Este tiempo verbal se usa para expresar un futuro desde un punto de vista pasado:
Ej.- "Me dijiste que *llegarías* [Condicional simple] a las cinco" ≠ "Me dijiste que *habrías llegado* [Condicional compuesto] a las cinco"
Ver esquema.
Link del Condicional Simple.
_Spero di essere stato d'aiuto_.

P.S.
Creo que es incorrecto (o no tiene sentido) decir "Me dijiste que habrías llegado a las cinco"


----------



## Agró

Serenity87 said:


> Siccome non trovo la regola, vi vorrei chiedere , nella frase :
> 
> Empezó una guerra contra los Países Bajos que duraría 80 a_ñ_os
> 
> perchè si utilizza il condizionale semplice e non quello composto? So che non sempre le regole grammaticali corrispondono a quelle italiane ma vorrei sapere perchè si usa questo tempo piuttosto che un altro.
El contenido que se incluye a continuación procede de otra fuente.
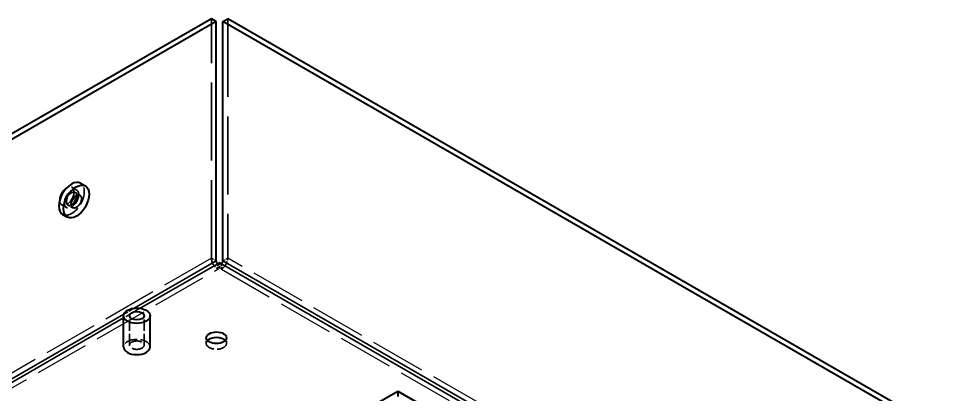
# Model space of a CAD drawing. Header units: millimetres. Extents: x 0 to 1188, y 0 to 840.
# Drawn here: x 1016.6 to 1121.2, y 711.1 to 752.8 of the extents above; entities that cross this region are included whole.
import ezdxf

# ---------------------------------------------------------------- set-up
doc = ezdxf.new("R2010")
doc.units = ezdxf.units.MM
doc.header["$LTSCALE"] = 2
doc.linetypes.add('DASHED', pattern=[0.2067, 0.1654, -0.0413])
for name, color, linetype, lineweight in [('가려진 것(ISO)', 2, 'DASHED', 35), ('가려진 좁은 것(ISO)', 2, 'DASHED', 25), ('가시적인 것(ISO)', 3, 'Continuous', 40), ('가시적인 좁은 것(ISO)', 3, 'Continuous', 35)]:
    doc.layers.add(name, color=color, linetype=linetype, lineweight=lineweight)

msp = doc.modelspace()

# ---------------------------------------------------------------- linework, layer by layer
at = {"layer": '가려진 것(ISO)', "ltscale": 26.20545}
for p, q in [((1037.953, 726.22), (1037.953, 752.79)), ((1039.764, 752.79), (1039.764, 726.22))]:
    msp.add_line(p, q, dxfattribs=at)
at = {"layer": '가려진 것(ISO)', "ltscale": 0.714161}
for p, q in [((1022.979, 733.784), (1022.449, 734.09)), ((1022.823, 733.512), (1023.353, 733.206)), ((1021.857, 731.834), (1021.326, 732.14)), ((1022.014, 732.107), (1022.544, 731.802)), ((1038.66, 724.995), (1038.66, 725.608)), ((1038.858, 725.722), (1038.858, 725.109)), ((1039.057, 725.608), (1039.057, 724.995)), ((1037.38, 716.761), (1037.38, 717.375)), ((1039.63, 716.761), (1039.63, 717.375))]:
    msp.add_line(p, q, dxfattribs=at)
at = {"layer": '가려진 것(ISO)', "ltscale": 0.266872}
for p, q in [((1038.66, 724.995), (1038.858, 725.109)), ((1038.858, 725.109), (1039.057, 724.995))]:
    msp.add_line(p, q, dxfattribs=at)
at = {"layer": '가려진 것(ISO)', "ltscale": 3.809293}
for p, q in [((1028.855, 716.561), (1028.855, 719.831)), ((1030.476, 716.561), (1030.476, 719.831))]:
    msp.add_line(p, q, dxfattribs=at)
at = {"layer": '가려진 것(ISO)', "ltscale": 6.731654}
for centre in [(1021.888, 733.115), (1022.418, 732.809)]:
    msp.add_ellipse(centre, major_axis=(-0.561, -0.975), ratio=0.5780931, dxfattribs=at)
at = {"layer": '가려진 것(ISO)', "ltscale": 5.983681}
msp.add_ellipse((1022.418, 732.809), major_axis=(0.998, 1.733), ratio=0.5780931, start_param=3.1415927, end_param=6.2831853, dxfattribs=at)
at = {"layer": '가려진 것(ISO)', "ltscale": 3.523398}
msp.add_ellipse((1022.418, 732.809), major_axis=(0.404, 0.702), ratio=0.5780931, start_param=5.5715633, end_param=10.1364, dxfattribs=at)
at = {"layer": '가려진 것(ISO)', "ltscale": 1.495845}
for centre, major_axis, start_param, end_param in [((1038.66, 725.812), (-0.499, 0.867), 0.7873319, 2.3581282), ((1039.057, 725.812), (-0.499, -0.867), 0.7834645, 2.3542608)]:
    msp.add_ellipse(centre, major_axis=major_axis, ratio=0.5780931, start_param=start_param, end_param=end_param, dxfattribs=at)
at = {"layer": '가려진 것(ISO)', "ltscale": 4.412939}
msp.add_ellipse((1029.666, 716.357), major_axis=(-1.475, 0), ratio=0.5758617, start_param=3.1415927, end_param=6.2831853, dxfattribs=at)
at = {"layer": '가려진 것(ISO)', "ltscale": 4.422073}
msp.add_ellipse((1038.505, 716.761), major_axis=(-1.125, 0), ratio=0.5758617, start_param=5.7902303, end_param=9.917733, dxfattribs=at)
at = {"layer": '가려진 것(ISO)', "ltscale": 4.849754}
msp.add_ellipse((1029.666, 716.561), major_axis=(-0.811, 0), ratio=0.5758617, dxfattribs=at)
at = {"layer": '가려진 좁은 것(ISO)', "ltscale": 18.208656}
for p, q in [((1037.953, 726.22), (952.79, 677.177)), ((953.497, 675.952), (1038.66, 724.995))]:
    msp.add_line(p, q, dxfattribs=at)
at = {"layer": '가려진 좁은 것(ISO)', "ltscale": 0.714161}
for p, q in [((1038.483, 725.914), (1037.953, 726.22)), ((1039.764, 726.22), (1039.233, 725.914))]:
    msp.add_line(p, q, dxfattribs=at)
at = {"layer": '가려진 좁은 것(ISO)', "ltscale": 18.58082}
for p, q in [((1121.236, 679.303), (1039.764, 726.22)), ((1039.057, 724.995), (1120.529, 678.078))]:
    msp.add_line(p, q, dxfattribs=at)
at = {"layer": '가려진 좁은 것(ISO)', "ltscale": 2.50658}
msp.add_line((1030.052, 720.651), (1028.191, 719.579), dxfattribs=at)
at = {"layer": '가려진 좁은 것(ISO)', "ltscale": 1.537444}
msp.add_line((1028.222, 720.005), (1029.364, 720.663), dxfattribs=at)
at = {"layer": '가시적인 것(ISO)'}
for p, q in [((1037.953, 752.79), (952.79, 703.747)), ((1038.483, 752.484), (1037.953, 752.79)), ((1039.233, 752.484), (1039.764, 752.79)), ((1121.236, 705.873), (1039.764, 752.79)), ((1038.483, 752.484), (953.32, 703.442)), ((1038.483, 725.914), (1038.483, 752.484)), ((1039.233, 725.914), (1039.233, 752.484)), ((1115.577, 708.521), (1039.233, 752.484)), ((1023.416, 734.543), (1023.946, 734.237)), ((1021.42, 731.076), (1021.95, 730.771)), ((1038.858, 725.722), (1038.66, 725.608)), ((1039.057, 725.608), (1038.858, 725.722)), ((1028.191, 716.357), (1028.191, 719.831)), ((1031.141, 716.357), (1031.141, 719.831)), ((1054.415, 709.027), (1058.657, 711.47)), ((1058.657, 711.47), (1058.657, 710.857)), ((1058.657, 711.47), (1080.578, 698.847))]:
    msp.add_line(p, q, dxfattribs=at)
for centre, major_axis, ratio, start_param, end_param in [((1022.418, 732.809), (-0.998, -1.733), 0.5780931, 3.1415927, 6.2831853), ((1022.418, 732.809), (0.404, 0.702), 0.5780931, 3.8532147, 5.5715633), ((1038.66, 725.812), (-0.125, 0.217), 0.5780931, 0.7873319, 2.3581282), ((1039.057, 725.812), (0.125, 0.217), 0.5780931, 3.9250571, 5.4958534), ((1038.505, 716.761), (-1.125, 0), 0.5758617, 3.6345477, 5.7902303), ((1029.666, 716.357), (1.475, 0), 0.5758617, 3.1415927, 6.2831853)]:
    msp.add_ellipse(centre, major_axis=major_axis, ratio=ratio, start_param=start_param, end_param=end_param, dxfattribs=at)
for centre, major_axis, ratio in [((1022.948, 732.504), (-0.998, -1.733), 0.5780931), ((1022.948, 732.504), (-0.404, -0.702), 0.5780931), ((1029.666, 719.831), (-1.475, 0), 0.5758617), ((1029.666, 719.831), (-0.81, 0), 0.5758617), ((1038.505, 717.375), (-1.125, 0), 0.5758617)]:
    msp.add_ellipse(centre, major_axis=major_axis, ratio=ratio, dxfattribs=at)
at = {"layer": '가시적인 좁은 것(ISO)'}
for p, q in [((1029.364, 720.663), (1038.483, 725.914)), ((1038.66, 725.608), (1030.052, 720.651)), ((1092.153, 695.032), (1039.057, 725.608)), ((1039.233, 725.914), (1092.507, 695.236)), ((976.015, 689.941), (1028.222, 720.005)), ((1028.191, 719.579), (976.369, 689.737))]:
    msp.add_line(p, q, dxfattribs=at)

doc.saveas('drawing.dxf')

"habría durado" sería posible sólo para referirnos a una acción anterior a "empezó", y no es el caso, porque la guerra (y su duración) tuvo lugar después de "empezó", lógicamente.


----------



## anai-ss

El condicional simple sustituye un pretérito simple, es un futuro del pasado, uno de los usos del Condicional Simple. Se usa a menudo en biografías por ejemplo, para no repetir tanto el pasado, te copio un ejemplo: 

"_Nació en Burgos, estudió  en Madrid, donde terminó su carrera. Marchó a Estados Unidos, de donde  volvería  cuarenta años más tarde para pasar los últimos años de su vida en su  tierra  natal"
_


----------



## chlapec

Ciao, Serenity, noi spagnoli, quando impariamo l'italiano, abbiamo spesso delle difficoltà per assimilare che nell'italiano il futuro nel passato si esprime con il condizionale composto. Noi usiamo normalmente il condizionale semplice oppure altre construzioni del tipo che ti metto in seguito:
"Le disse che l'avrebbe chiamata il giorno dopo":
"LE DIJO QUE LA *LLAMABA* AL DíA SIGUIENTE" (imperfetto)
"LE DIJO QUE LA* LLAMARÍA* AL DÍA SIGUIENTE" (condizionale semplice)
"LE DIJO QUE LA *IBA A LLAMAR* AL DÍA SIGUIENTE"  (perifrasi ir + infinito)
"LE DIJO QUE LA *HABRÍA DE LLAMAR* AL SIGUIENTE" (perifrasi haber de + infinito)


----------



## Serenity87

Scusate se faccio troppe domande ma vorrei togliermi un pò di dubbi. Per quanto riguarda il condizionale composto invece, lo si usa per esempio nel periodo ipotetico del terzo tipo, giusto? E poi ci sono altri usi?
Comunque grazie mille a tutti, precisi come sempre.


----------



## chlapec

Ciao ancora,
in questo site http://www.timandangela.org.uk/spanish/grammar23 ci sono schemi abbastanza chiari (mi sembra) che spiegano l'uso del condizionale composto in spagnolo (in più di quello del periodo ipotetico del terzo tipo).

Mi sembra che tutti questi usi esistano anche in italiano.


----------



## annapo

Serenity87 said:


> Siccome non trovo la regola, vi vorrei chiedere , nella frase :
> 
> Empezó una guerra contra los Países Bajos que duraría 80 a_ñ_os
> 
> perchè si utilizza il condizionale semplice e non quello composto? So che non sempre le regole grammaticali corrispondono a quelle italiane ma vorrei sapere perchè si usa questo tempo piuttosto che un altro.


 

Perchè è un futuro nel passato (che, detto così, mi rendo conto appare poco chiaro ).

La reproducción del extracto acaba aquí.